A&E

The Weekly interview: Grammy-winning musician St. Vincent

Image
Annie Clark, also known as St. Vincent, performs at the Boulevard Pool at Cosmopolitan on Friday, April 10.
Photo: Courtesy

Annie Clark first broke onto the scene as a solo artist in 2007 (her résumé includes stints in the Polyphonic Spree and Sufjan Steven’s band)—but it wasn’t until 2014 that the mainstream music world took notice. Better known by her stage name St. Vincent, the 32-year-old Clark spent nearly all of last year touring behind her eponymous fourth LP, which won the Grammy for Best Alternative Music Album. The Weekly caught up with Clark in Toronto one week prior to her Vegas debut, to talk about her new collaboration with David Byrne, the vast influence of digital media and the cuts and bruises that come with living life on the road.

What are you up to today? Right now I’m working on David Byrne’s color guard piece. It’s me and a number of other really amazing artists working with really creative color guard teams, some of the best in the country, and scoring pieces of music for those teams that will perform in New York and then also in Toronto. I’m in Toronto for a couple days and then I’m back in New York for rehearsal for the Jimmy Fallon show. We are playing a new song. And then I’m off to Las Vegas.

It’ll be your first time playing here, right? Yeah! I think I’ve only been to Vegas one time. I went to a Lady Gaga concert about five years ago with a friend of mine who was a really big Lady Gaga fan. It was a good show. There’s a picture on the Internet of me meeting Lady Gaga somewhere.

You enlisted Willo Perron, who’s worked with Kanye West, and choreographer Annie-B Parson for your show. What did they bring to the table? Willo worked on the album packaging and all the kind of press visuals and that side—all the future-cult-leader [stuff]. Annie-B Parson choreographed the show. And the wonderful lighting designer Susanne Sasic helped conceive the look of the show.
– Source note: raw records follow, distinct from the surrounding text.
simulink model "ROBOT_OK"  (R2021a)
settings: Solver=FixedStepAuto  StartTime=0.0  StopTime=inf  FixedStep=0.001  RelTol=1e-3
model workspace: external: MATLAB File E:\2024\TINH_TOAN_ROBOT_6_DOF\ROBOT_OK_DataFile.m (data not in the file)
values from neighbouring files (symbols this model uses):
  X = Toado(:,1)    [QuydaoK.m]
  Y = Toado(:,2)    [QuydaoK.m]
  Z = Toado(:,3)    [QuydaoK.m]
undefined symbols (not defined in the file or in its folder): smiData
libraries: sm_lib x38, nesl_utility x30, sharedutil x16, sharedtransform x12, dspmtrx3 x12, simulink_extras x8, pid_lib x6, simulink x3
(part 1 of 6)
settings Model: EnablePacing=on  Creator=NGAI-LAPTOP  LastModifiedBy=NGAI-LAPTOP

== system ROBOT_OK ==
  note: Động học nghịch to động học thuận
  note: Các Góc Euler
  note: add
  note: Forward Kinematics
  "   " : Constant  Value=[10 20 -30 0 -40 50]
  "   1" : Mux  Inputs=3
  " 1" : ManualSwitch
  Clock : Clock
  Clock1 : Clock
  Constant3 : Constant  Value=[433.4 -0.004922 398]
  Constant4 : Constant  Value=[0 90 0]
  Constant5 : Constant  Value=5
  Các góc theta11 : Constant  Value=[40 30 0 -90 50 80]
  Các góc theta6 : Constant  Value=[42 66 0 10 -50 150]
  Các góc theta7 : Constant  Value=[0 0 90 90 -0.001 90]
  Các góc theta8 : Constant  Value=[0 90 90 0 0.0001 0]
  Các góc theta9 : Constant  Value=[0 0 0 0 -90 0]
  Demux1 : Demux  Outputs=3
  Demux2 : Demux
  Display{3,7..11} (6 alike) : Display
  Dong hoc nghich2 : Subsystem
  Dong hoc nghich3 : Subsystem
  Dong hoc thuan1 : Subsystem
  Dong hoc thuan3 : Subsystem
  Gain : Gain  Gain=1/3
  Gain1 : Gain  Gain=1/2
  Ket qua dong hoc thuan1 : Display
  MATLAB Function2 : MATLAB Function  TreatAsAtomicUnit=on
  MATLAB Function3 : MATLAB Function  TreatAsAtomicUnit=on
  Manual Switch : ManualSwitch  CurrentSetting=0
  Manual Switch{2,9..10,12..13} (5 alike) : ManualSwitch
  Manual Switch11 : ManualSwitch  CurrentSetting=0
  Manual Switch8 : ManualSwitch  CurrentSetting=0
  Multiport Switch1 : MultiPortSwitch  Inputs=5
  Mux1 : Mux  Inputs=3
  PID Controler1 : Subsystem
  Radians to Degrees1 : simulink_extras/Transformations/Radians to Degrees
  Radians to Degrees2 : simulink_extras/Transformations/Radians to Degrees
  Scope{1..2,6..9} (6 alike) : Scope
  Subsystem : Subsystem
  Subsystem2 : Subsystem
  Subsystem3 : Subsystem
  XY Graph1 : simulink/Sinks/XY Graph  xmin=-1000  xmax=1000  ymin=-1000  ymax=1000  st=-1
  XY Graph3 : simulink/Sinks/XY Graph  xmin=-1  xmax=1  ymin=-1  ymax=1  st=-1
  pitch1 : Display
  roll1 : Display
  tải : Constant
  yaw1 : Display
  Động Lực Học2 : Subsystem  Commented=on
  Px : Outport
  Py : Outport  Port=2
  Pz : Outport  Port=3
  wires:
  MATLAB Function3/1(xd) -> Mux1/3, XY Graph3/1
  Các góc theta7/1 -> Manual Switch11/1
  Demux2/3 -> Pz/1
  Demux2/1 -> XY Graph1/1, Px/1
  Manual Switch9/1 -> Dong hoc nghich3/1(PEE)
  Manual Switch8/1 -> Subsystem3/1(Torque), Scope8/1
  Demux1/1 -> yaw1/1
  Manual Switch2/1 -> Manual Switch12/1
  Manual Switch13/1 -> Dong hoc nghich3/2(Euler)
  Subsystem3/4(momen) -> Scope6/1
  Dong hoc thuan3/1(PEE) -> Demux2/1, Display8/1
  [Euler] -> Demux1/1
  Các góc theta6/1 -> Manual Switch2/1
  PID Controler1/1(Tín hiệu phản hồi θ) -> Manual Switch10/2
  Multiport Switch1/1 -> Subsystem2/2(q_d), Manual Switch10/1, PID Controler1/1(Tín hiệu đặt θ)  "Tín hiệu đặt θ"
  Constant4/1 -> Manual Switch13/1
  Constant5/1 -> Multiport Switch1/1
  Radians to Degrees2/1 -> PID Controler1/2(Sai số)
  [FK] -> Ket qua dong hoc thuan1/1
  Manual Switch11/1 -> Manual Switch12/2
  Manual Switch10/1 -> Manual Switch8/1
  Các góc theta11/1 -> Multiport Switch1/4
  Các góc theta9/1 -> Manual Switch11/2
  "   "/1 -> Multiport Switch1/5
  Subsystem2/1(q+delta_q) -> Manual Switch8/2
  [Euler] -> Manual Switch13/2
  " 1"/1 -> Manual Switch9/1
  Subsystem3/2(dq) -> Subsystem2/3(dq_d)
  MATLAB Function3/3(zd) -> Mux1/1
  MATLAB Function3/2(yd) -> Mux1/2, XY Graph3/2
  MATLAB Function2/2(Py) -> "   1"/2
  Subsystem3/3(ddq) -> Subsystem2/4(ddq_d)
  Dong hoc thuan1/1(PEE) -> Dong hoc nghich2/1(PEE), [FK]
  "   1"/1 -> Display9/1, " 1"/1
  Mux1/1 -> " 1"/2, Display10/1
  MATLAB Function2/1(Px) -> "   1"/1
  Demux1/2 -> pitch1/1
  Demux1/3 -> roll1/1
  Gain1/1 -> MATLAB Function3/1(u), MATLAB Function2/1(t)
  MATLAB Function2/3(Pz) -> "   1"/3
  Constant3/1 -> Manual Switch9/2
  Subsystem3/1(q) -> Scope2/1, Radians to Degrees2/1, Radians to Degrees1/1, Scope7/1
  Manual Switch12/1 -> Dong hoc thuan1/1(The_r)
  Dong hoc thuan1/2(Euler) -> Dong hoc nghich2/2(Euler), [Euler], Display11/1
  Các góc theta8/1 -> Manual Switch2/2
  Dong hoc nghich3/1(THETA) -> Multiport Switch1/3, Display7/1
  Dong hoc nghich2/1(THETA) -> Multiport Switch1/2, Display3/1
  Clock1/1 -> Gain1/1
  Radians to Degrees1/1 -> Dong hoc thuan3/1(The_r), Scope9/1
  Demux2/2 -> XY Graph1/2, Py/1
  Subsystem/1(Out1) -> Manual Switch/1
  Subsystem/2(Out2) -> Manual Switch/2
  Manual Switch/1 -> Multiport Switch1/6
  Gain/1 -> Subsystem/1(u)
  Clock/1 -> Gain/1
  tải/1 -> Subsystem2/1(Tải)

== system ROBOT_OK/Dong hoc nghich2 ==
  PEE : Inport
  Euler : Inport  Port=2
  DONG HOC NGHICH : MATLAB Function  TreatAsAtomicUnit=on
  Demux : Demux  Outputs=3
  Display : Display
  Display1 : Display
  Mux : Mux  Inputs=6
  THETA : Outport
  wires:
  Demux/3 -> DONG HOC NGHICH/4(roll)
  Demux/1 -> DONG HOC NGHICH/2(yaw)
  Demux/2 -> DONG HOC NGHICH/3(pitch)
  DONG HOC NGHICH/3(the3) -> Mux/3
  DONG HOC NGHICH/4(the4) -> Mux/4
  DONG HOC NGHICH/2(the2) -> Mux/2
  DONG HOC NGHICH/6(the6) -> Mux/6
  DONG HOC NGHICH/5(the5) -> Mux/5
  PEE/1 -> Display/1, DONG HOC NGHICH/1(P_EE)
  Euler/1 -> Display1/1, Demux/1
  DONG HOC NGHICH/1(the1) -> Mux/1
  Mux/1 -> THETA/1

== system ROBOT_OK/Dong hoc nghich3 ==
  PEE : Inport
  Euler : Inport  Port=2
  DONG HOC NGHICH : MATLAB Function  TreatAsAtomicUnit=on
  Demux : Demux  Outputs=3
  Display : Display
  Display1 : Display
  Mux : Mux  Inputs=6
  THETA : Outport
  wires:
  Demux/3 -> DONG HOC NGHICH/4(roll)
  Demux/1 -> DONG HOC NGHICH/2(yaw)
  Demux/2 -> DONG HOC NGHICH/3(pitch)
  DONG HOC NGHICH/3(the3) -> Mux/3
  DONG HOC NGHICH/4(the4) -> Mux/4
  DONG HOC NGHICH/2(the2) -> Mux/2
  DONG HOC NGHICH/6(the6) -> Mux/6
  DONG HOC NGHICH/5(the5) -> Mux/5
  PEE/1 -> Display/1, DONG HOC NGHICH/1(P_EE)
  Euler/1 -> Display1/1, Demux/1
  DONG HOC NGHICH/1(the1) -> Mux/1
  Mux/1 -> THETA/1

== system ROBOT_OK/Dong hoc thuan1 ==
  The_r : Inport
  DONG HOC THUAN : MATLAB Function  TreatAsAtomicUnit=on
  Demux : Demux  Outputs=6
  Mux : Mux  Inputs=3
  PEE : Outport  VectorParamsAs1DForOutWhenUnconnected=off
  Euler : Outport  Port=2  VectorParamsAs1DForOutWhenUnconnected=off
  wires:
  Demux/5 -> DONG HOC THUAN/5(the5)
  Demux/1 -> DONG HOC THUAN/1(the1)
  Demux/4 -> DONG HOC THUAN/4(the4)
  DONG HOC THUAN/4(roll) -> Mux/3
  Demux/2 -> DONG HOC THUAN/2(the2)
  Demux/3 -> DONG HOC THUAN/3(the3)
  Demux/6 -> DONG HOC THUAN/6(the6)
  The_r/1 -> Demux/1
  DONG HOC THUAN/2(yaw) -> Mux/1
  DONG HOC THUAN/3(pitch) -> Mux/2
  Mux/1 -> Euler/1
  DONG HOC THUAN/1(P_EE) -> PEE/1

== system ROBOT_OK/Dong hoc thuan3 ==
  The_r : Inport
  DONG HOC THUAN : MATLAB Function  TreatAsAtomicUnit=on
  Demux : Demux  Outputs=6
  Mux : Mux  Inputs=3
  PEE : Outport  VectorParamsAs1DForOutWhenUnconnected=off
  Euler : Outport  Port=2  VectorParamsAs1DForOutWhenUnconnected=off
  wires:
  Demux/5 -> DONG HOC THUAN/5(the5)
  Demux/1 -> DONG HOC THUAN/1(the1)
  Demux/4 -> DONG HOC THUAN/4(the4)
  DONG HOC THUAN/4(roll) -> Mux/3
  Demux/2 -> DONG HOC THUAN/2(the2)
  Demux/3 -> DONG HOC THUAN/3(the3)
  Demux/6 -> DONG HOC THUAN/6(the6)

It’s all collaboration, lots of back and forth. I wanted to make it structured and I wanted things to be very considered.

You have this move, this shuffle, which is so quirky and odd—it looks like you’re gliding across the floor. How difficult was it pinning those moves down? I have to say the shuffle is really the one thing that I can take credit for. It’s something that started happening kind of naturally, on the Strange Mercy tour, where it was just a backwards shuffle, just a natural movement. It’s not that hard. It’s one of the few things that’s easier to do in heels ... I do I have a pretty gnarly gash on my hand from being in Sao Paulo on Saturday and falling on a wooden floor.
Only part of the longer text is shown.